* [Records contained in a dataset]
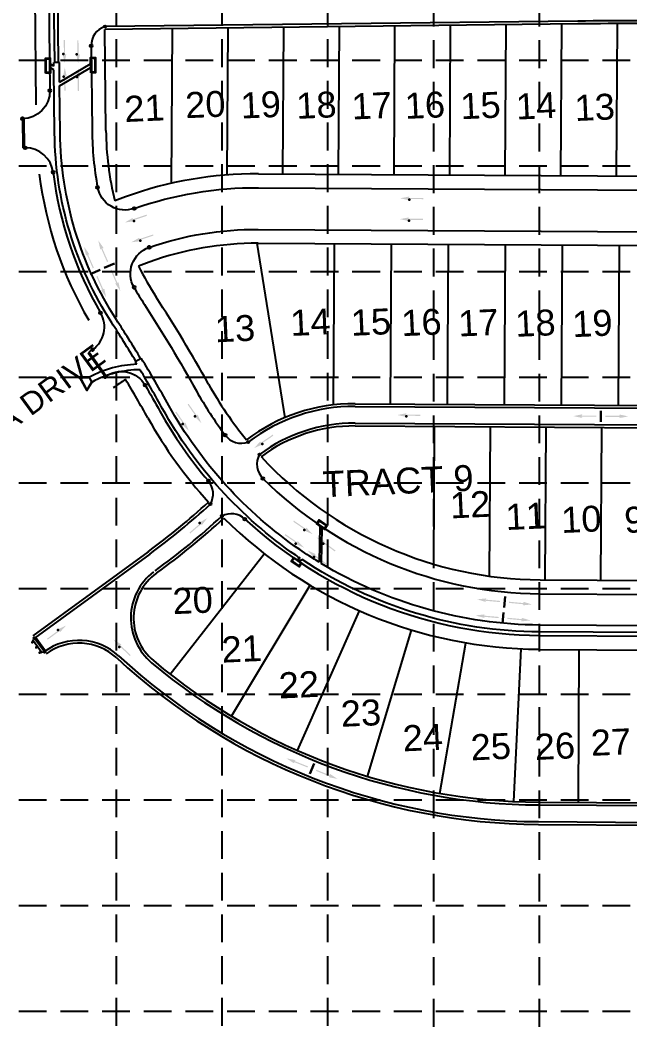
# Model space of a CAD drawing. Header units: feet. Extents: x 6037 to 11520, y 4436 to 7866.
# Drawn here: x 6904 to 7398, y 5796 to 6611 of the extents above; entities that cross this region are included whole.
import ezdxf
from ezdxf.enums import TextEntityAlignment as Align

# ---------------------------------------------------------------- set-up
doc = ezdxf.new("R2010")
doc.units = ezdxf.units.FT
doc.header["$LTSCALE"] = 0.4
doc.header["$MEASUREMENT"] = 0
doc.linetypes.add('DASHED2', pattern=[0.375, 0.25, -0.125])
doc.linetypes.add('HIDDEN', pattern=[0.375, 0.25, -0.125])
for name, color, linetype in [('1 LOT NUMBER', 7, 'Continuous'), ('1 STREET NAMES', 7, 'Continuous'), ('grid', 254, 'HIDDEN'), ('LOTLINE', 7, 'Continuous'), ('PAVING', 7, 'Continuous'), ('ROW', 7, 'Continuous'), ('STORM', 7, 'Continuous'), ('STORM INLET', 7, 'Continuous')]:
    doc.layers.add(name, color=color, linetype=linetype)
doc.styles.get("Standard").update_dxf_attribs({"font": 'ARIAL.TTF'})

msp = doc.modelspace()

# ---------------------------------------------------------------- hatches: boundary and pattern name
at = {"layer": 'PAVING', "linetype": 'Continuous', "lineweight": 30}
h = msp.add_hatch(color=256, dxfattribs=at)
edge = h.paths.add_edge_path()
edge.add_line((6941.22, 6583.97), (6940.54, 6583.35))
edge.add_line((6940.54, 6583.35), (6940.45, 6595.26))
edge.add_line((6940.45, 6595.26), (6939.48, 6595.24))
edge.add_line((6939.48, 6595.24), (6939.57, 6583.34))
edge.add_line((6939.57, 6583.34), (6939, 6583.94))
edge.add_line((6939, 6583.94), (6939, 6583.94))
edge.add_ellipse((6938.95, 6583.34), major_axis=(-0.005, 0.63), ratio=0.285714, start_angle=342.81733, end_angle=484.72693)
edge.add_line((6938.81, 6582.98), (6938.81, 6582.98))
edge.add_line((6938.81, 6582.98), (6940.14, 6576.54))
edge.add_line((6940.14, 6576.54), (6941.41, 6582.99))
edge.add_line((6941.41, 6582.99), (6941.42, 6582.99))
edge.add_ellipse((6941.27, 6583.36), major_axis=(-0.005, 0.63), ratio=0.285714, start_angle=234.16847, end_angle=374.49672)
edge.add_line((6941.22, 6583.97), (6941.22, 6583.97))
edge.add_line((6941.22, 6583.97), (6941.22, 6583.97))
h = msp.add_hatch(color=256, dxfattribs=at)
edge = h.paths.add_edge_path()
edge.add_line((6952.15, 6583.69), (6951.47, 6583.06))
edge.add_line((6951.47, 6583.06), (6951.38, 6594.97))
edge.add_line((6951.38, 6594.97), (6950.41, 6594.96))
edge.add_line((6950.41, 6594.96), (6950.51, 6583.06))
edge.add_line((6950.51, 6583.06), (6949.94, 6583.65))
edge.add_line((6949.94, 6583.65), (6949.94, 6583.66))
edge.add_ellipse((6949.89, 6583.05), major_axis=(-0.005, 0.63), ratio=0.285714, start_angle=342.81733, end_angle=484.72693)
edge.add_line((6949.74, 6582.69), (6949.74, 6582.69))
edge.add_line((6949.74, 6582.69), (6951.07, 6576.25))
edge.add_line((6951.07, 6576.25), (6952.35, 6582.71))
edge.add_line((6952.35, 6582.71), (6952.35, 6582.71))
edge.add_ellipse((6952.2, 6583.08), major_axis=(-0.005, 0.63), ratio=0.285714, start_angle=234.16847, end_angle=374.49672)
edge.add_line((6952.15, 6583.69), (6952.15, 6583.69))
edge.add_line((6952.15, 6583.69), (6952.15, 6583.69))
at = {"layer": 'PAVING', "linetype": 'Continuous', "lineweight": 30, "extrusion": (0, 0, -1)}
h = msp.add_hatch(color=256, dxfattribs=at)
edge = h.paths.add_edge_path()
edge.add_line((-6941.49, 6565.48), (-6940.81, 6566.09))
edge.add_line((-6940.81, 6566.09), (-6940.9, 6554.19))
edge.add_line((-6940.9, 6554.19), (-6939.93, 6554.18))
edge.add_line((-6939.93, 6554.18), (-6939.84, 6566.09))
edge.add_line((-6939.84, 6566.09), (-6939.28, 6565.48))
edge.add_line((-6939.28, 6565.48), (-6939.28, 6565.48))
edge.add_ellipse((-6939.22, 6566.08), major_axis=(-0.005, -0.63), ratio=0.285714, start_angle=342.81733, end_angle=484.72693)
edge.add_line((-6939.07, 6566.44), (-6939.07, 6566.44))
edge.add_line((-6939.07, 6566.44), (-6940.3, 6572.9))
edge.add_line((-6940.3, 6572.9), (-6941.68, 6566.46))
edge.add_line((-6941.68, 6566.46), (-6941.68, 6566.46))
edge.add_ellipse((-6941.53, 6566.09), major_axis=(-0.005, -0.63), ratio=0.285714, start_angle=234.16847, end_angle=374.49672)
edge.add_line((-6941.49, 6565.48), (-6941.49, 6565.48))
edge.add_line((-6941.49, 6565.48), (-6941.49, 6565.48))
h = msp.add_hatch(color=256, dxfattribs=at)
edge = h.paths.add_edge_path()
edge.add_line((-6952.43, 6565.2), (-6951.74, 6565.81))
edge.add_line((-6951.74, 6565.81), (-6951.83, 6553.9))
edge.add_line((-6951.83, 6553.9), (-6950.86, 6553.9))
edge.add_line((-6950.86, 6553.9), (-6950.77, 6565.8))
edge.add_line((-6950.77, 6565.8), (-6950.21, 6565.2))
edge.add_line((-6950.21, 6565.2), (-6950.21, 6565.2))
edge.add_ellipse((-6950.15, 6565.8), major_axis=(-0.005, -0.63), ratio=0.285714, start_angle=342.81733, end_angle=484.72693)
edge.add_line((-6950, 6566.15), (-6950, 6566.15))
edge.add_line((-6950, 6566.15), (-6951.23, 6572.61))
edge.add_line((-6951.23, 6572.61), (-6952.61, 6566.18))
edge.add_line((-6952.61, 6566.18), (-6952.61, 6566.18))
edge.add_ellipse((-6952.47, 6565.81), major_axis=(-0.005, -0.63), ratio=0.285714, start_angle=234.16847, end_angle=374.49672)
edge.add_line((-6952.43, 6565.2), (-6952.43, 6565.2))
edge.add_line((-6952.43, 6565.2), (-6952.43, 6565.2))
h = msp.add_hatch(color=256, dxfattribs=at)
edge = h.paths.add_edge_path()
edge.add_line((-7219.09, 6468.1), (-7218.47, 6467.42))
edge.add_line((-7218.47, 6467.42), (-7230.38, 6467.29))
edge.add_line((-7230.38, 6467.29), (-7230.36, 6466.32))
edge.add_line((-7230.36, 6466.32), (-7218.46, 6466.45))
edge.add_line((-7218.46, 6466.45), (-7219.06, 6465.88))
edge.add_line((-7219.06, 6465.88), (-7219.06, 6465.88))
edge.add_ellipse((-7218.45, 6465.83), major_axis=(-0.63, -0.007), ratio=0.285714, start_angle=342.81733, end_angle=484.72693)
edge.add_line((-7218.09, 6465.69), (-7218.09, 6465.69))
edge.add_line((-7218.09, 6465.69), (-7211.66, 6467.04))
edge.add_line((-7211.66, 6467.04), (-7218.12, 6468.29))
edge.add_line((-7218.12, 6468.29), (-7218.12, 6468.3))
edge.add_ellipse((-7218.48, 6468.15), major_axis=(-0.63, -0.007), ratio=0.285714, start_angle=234.16847, end_angle=374.49672)
edge.add_line((-7219.09, 6468.09), (-7219.09, 6468.1))
edge.add_line((-7219.09, 6468.1), (-7219.09, 6468.1))
h = msp.add_hatch(color=256, dxfattribs=at)
edge = h.paths.add_edge_path()
edge.add_line((-6995.52, 6450.85), (-6995.15, 6450.01))
edge.add_line((-6995.15, 6450.01), (-7006.45, 6453.75))
edge.add_line((-7006.45, 6453.75), (-7006.75, 6452.83))
edge.add_line((-7006.75, 6452.83), (-6995.45, 6449.09))
edge.add_line((-6995.45, 6449.09), (-6996.2, 6448.74))
edge.add_line((-6996.2, 6448.74), (-6996.2, 6448.74))
edge.add_ellipse((-6995.65, 6448.5), major_axis=(-0.598, 0.198), ratio=0.285714, start_angle=342.81733, end_angle=484.72693)
edge.add_line((-6995.35, 6448.25), (-6995.36, 6448.25))
edge.add_line((-6995.36, 6448.25), (-6988.83, 6447.43))
edge.add_line((-6988.83, 6447.43), (-6994.53, 6450.72))
edge.add_line((-6994.53, 6450.72), (-6994.53, 6450.72))
edge.add_ellipse((-6994.93, 6450.7), major_axis=(-0.598, 0.198), ratio=0.285714, start_angle=234.16847, end_angle=374.49672)
edge.add_line((-6995.52, 6450.85), (-6995.52, 6450.85))
edge.add_line((-6995.52, 6450.85), (-6995.52, 6450.85))
h = msp.add_hatch(color=256, dxfattribs=at)
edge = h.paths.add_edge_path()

* [What to produce]
Work out how many lines above contain "ezdxf", then write only that number.

* [Result of this exercise]
4